The legalization of euthanasia is still a deliberate issue. The act may be a hope for the ailing patients but the misuse and exploitation also have a verge over the consequential legalization. In India itself, the over actions over the same can climb unnatural heights. The corruption and gullible governance can be easily influenced with brie. Numerous deaths may uphold the misleading actions. Human trafficking and organ trafficking has deep-seated in India. The actions of legalization can also promote more of the said crimes. The right to life is under question when the disabled born children may fall prey to the misuse of the same actions. One cannot condemn it completely and neither uphold it.

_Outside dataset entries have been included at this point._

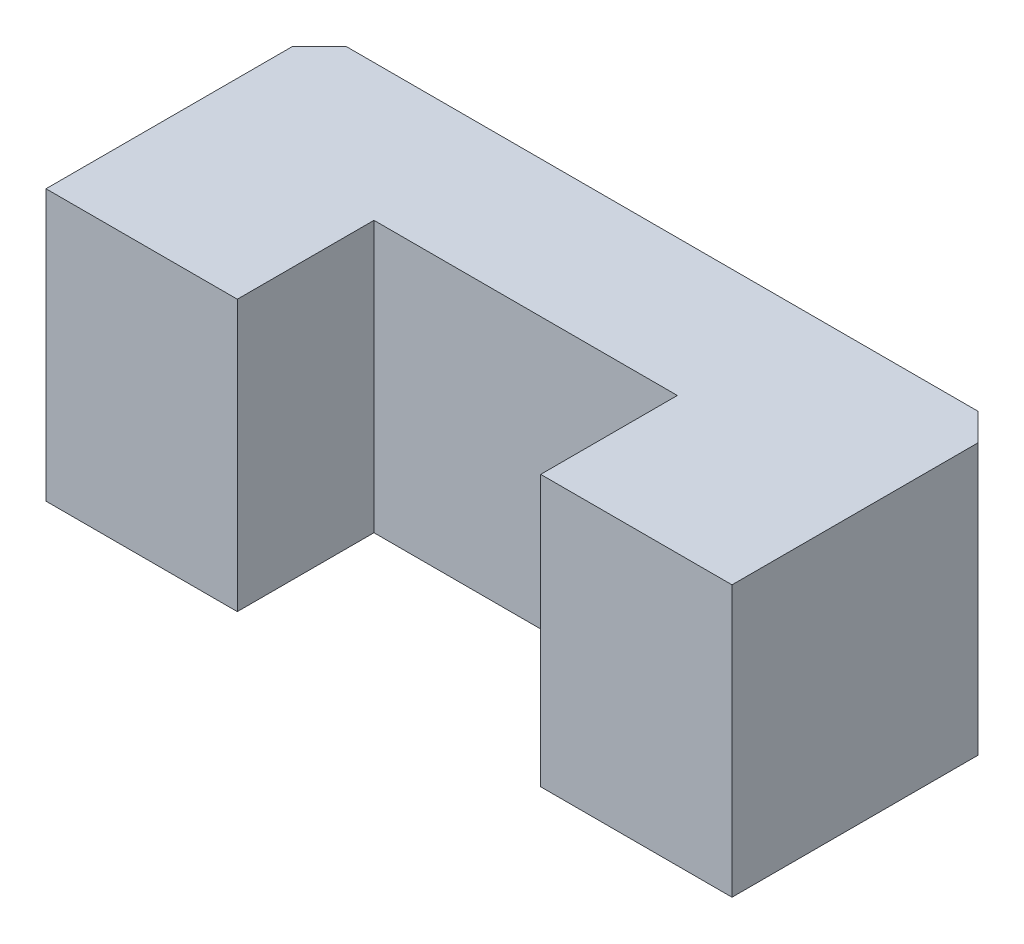
SolidWorks part; units mm, degrees
ref_plane "정면" through (0, 0, 0) normal (0, 0, 1) x (1, 0, 0)
ref_plane "윗면" through (0, 0, 0) normal (0, 1, 0) x (1, 0, 0)
ref_plane "우측면" through (0, 0, 0) normal (1, 0, 0) x (0, 0, -1)
sketch "스케치1" plane through (0, 0, 0) normal (0, 0, 1) x (1, 0, 0)
  line L0 (0, 4.5786) -> (0, -5.0471) construction
  line L1 (-12.55, 4.95) -> (12.55, 4.95)
  line L2 (-12.55, 4.95) -> (-12.55, -4.95)
  line L3 (-12.55, -4.95) -> (12.55, -4.95)
  line L4 (12.55, 4.95) -> (12.55, -4.95)
  line L5 (-12.55, 4.95) -> (12.55, -4.95) construction
  line L6 (-12.55, -4.95) -> (12.55, 4.95) construction
  line L7 (-5.55, 4.95) -> (-5.55, -4.95)
  line L8 (5.55, 4.95) -> (5.55, -4.95)
  point P0 (0, 0)
  dimension "D1" = 7
  dimension "D2" = 11.1
  dimension "D3" = 9.9
extrude "보스-돌출1" add sketch "스케치1" along normal blind 5 contours L8 L1 L7 L3 region at (0, 0, 0)
extrude "보스-돌출2" add sketch "스케치1<3>" along normal blind 10 contours L7 L1 L2 L3 | L1 L8 L3 L4 region at (-9.05, 0, 0) region at (9.05, 0, 0)
sketch "스케치1<3>" plane through (0, 0, 0) normal (0, 0, 1) x (1, 0, 0) same geometry as "스케치1"
chamfer "모따기1" distance 1 angle 45 2 edges at (12.55, 0, 0) (-12.55, 0, 0)
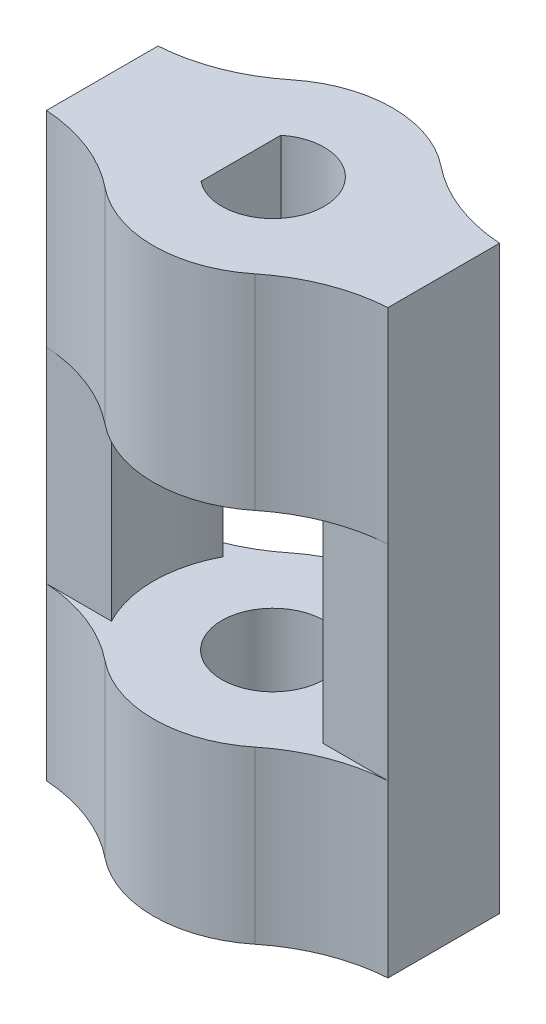
SolidWorks part; units mm, degrees
ref_plane "Front" through (0, 0, 0) normal (0, 0, 1) x (1, 0, 0)
ref_plane "Top" through (0, 0, 0) normal (0, 1, 0) x (1, 0, 0)
ref_plane "Right" through (0, 0, 0) normal (1, 0, 0) x (0, 0, -1)
sketch "Sketch1" plane through (0, 0, 0) normal (0, 1, 0) x (1, 0, 0)
  line L0 (-1.8776, 2.3398) -> (-1.8776, -2.3398)
  line L1 (-10, -3.2666) -> (10, -3.2666)
  line L2 (-10, -3.2666) -> (-10, 3.2666)
  line L3 (-10, 3.2666) -> (10, 3.2666)
  line L4 (10, -3.2666) -> (10, 3.2666)
  line L5 (-10, -3.2666) -> (10, 3.2666) construction
  line L6 (-10, 3.2666) -> (10, -3.2666) construction
  circle A0 centre (0, 0) radius 3
  circle A1 centre (0, 0) radius 7
  dimension "D1" = 6
  dimension "D2" = 4
  dimension "D3" = 20
extrude "Boss-Extrude1" add sketch "Sketch1" along normal blind 10 contours A1 L3 L2 L1 | L3 A1 | L1 A1 L3 A0 | L1 A1 | A1 L1 L4 L3 region at (-8.3597, 0, 0) region at (-6.8455, 0, 0) region at (0, 0, 4.8004) region at (8.3597, 0, 0) region at (0, 0, -4.8004)
extrude "Boss-Extrude2" add sketch "Sketch1<3>" along normal blind 12 from surface contours A1 L1 L4 L3 | A1 L3 L2 L1 region at (-8.3597, 0, 0) region at (8.3597, 0, 0) starting at face at (0, 10, 0)
sketch "Sketch1<3>" plane through (0, 0, 0) normal (0, 1, 0) x (1, 0, 0) same geometry as "Sketch1"
extrude "Boss-Extrude3" add sketch "Sketch1<5>" along normal blind 12 from surface contours A1 L3 L2 L1 | L0 A0 | L1 A1 | L3 A1 | L1 A1 L3 A0 | A1 L1 L4 L3 region at (-2.3346, 0, 0) region at (-8.3597, 0, 0) region at (-6.8455, 0, 0) region at (0, 0, 4.8004) region at (8.3597, 0, 0) region at (0, 0, -4.8004) starting at face at (-8.2978, 22, 0)
sketch "Sketch1<5>" plane through (0, 0, 0) normal (0, 1, 0) x (1, 0, 0) same geometry as "Sketch1"
fillet "Fillet1" radius 10 8 edges at (6.1911, 5, 3.2666) (6.1911, 28, 3.2666) (-6.1911, 5, 3.2666) (-6.1911, 28, 3.2666) (-6.1911, 28, -3.2666) (-6.1911, 5, -3.2666) (6.1911, 5, -3.2666) (6.1911, 28, -3.2666)

The legalization may lead to a lot of positive impact on the life of ailing patients. A voluntary and merciful deaths can be provided under their consent. Elimination of burdens on people who are financially weak or the patients who have very weak mental hold. All in all, the conclusive right to die can be very evident under the legalization.

CONCLUSION

The main intention behind the practice of euthanasia is not to take the life of any person but rather evidently give their right to death. The minds which are becoming more submissive and practical can mold under this structure of legislation. Inspire of repeated public demand the government had held the verdict. In 2018, the passive euthanasia was legalized. Although the government is still under a dilemma the consequence followed up has a huge part in the complete legalization of the act. Owing to the recent developments, a similar law is appreciated under the complete supervision of the judiciary. Consent should be obtained and the order should be passed under vigilant supervision.

[1] An act by which voluntary death is provided for a suffering person.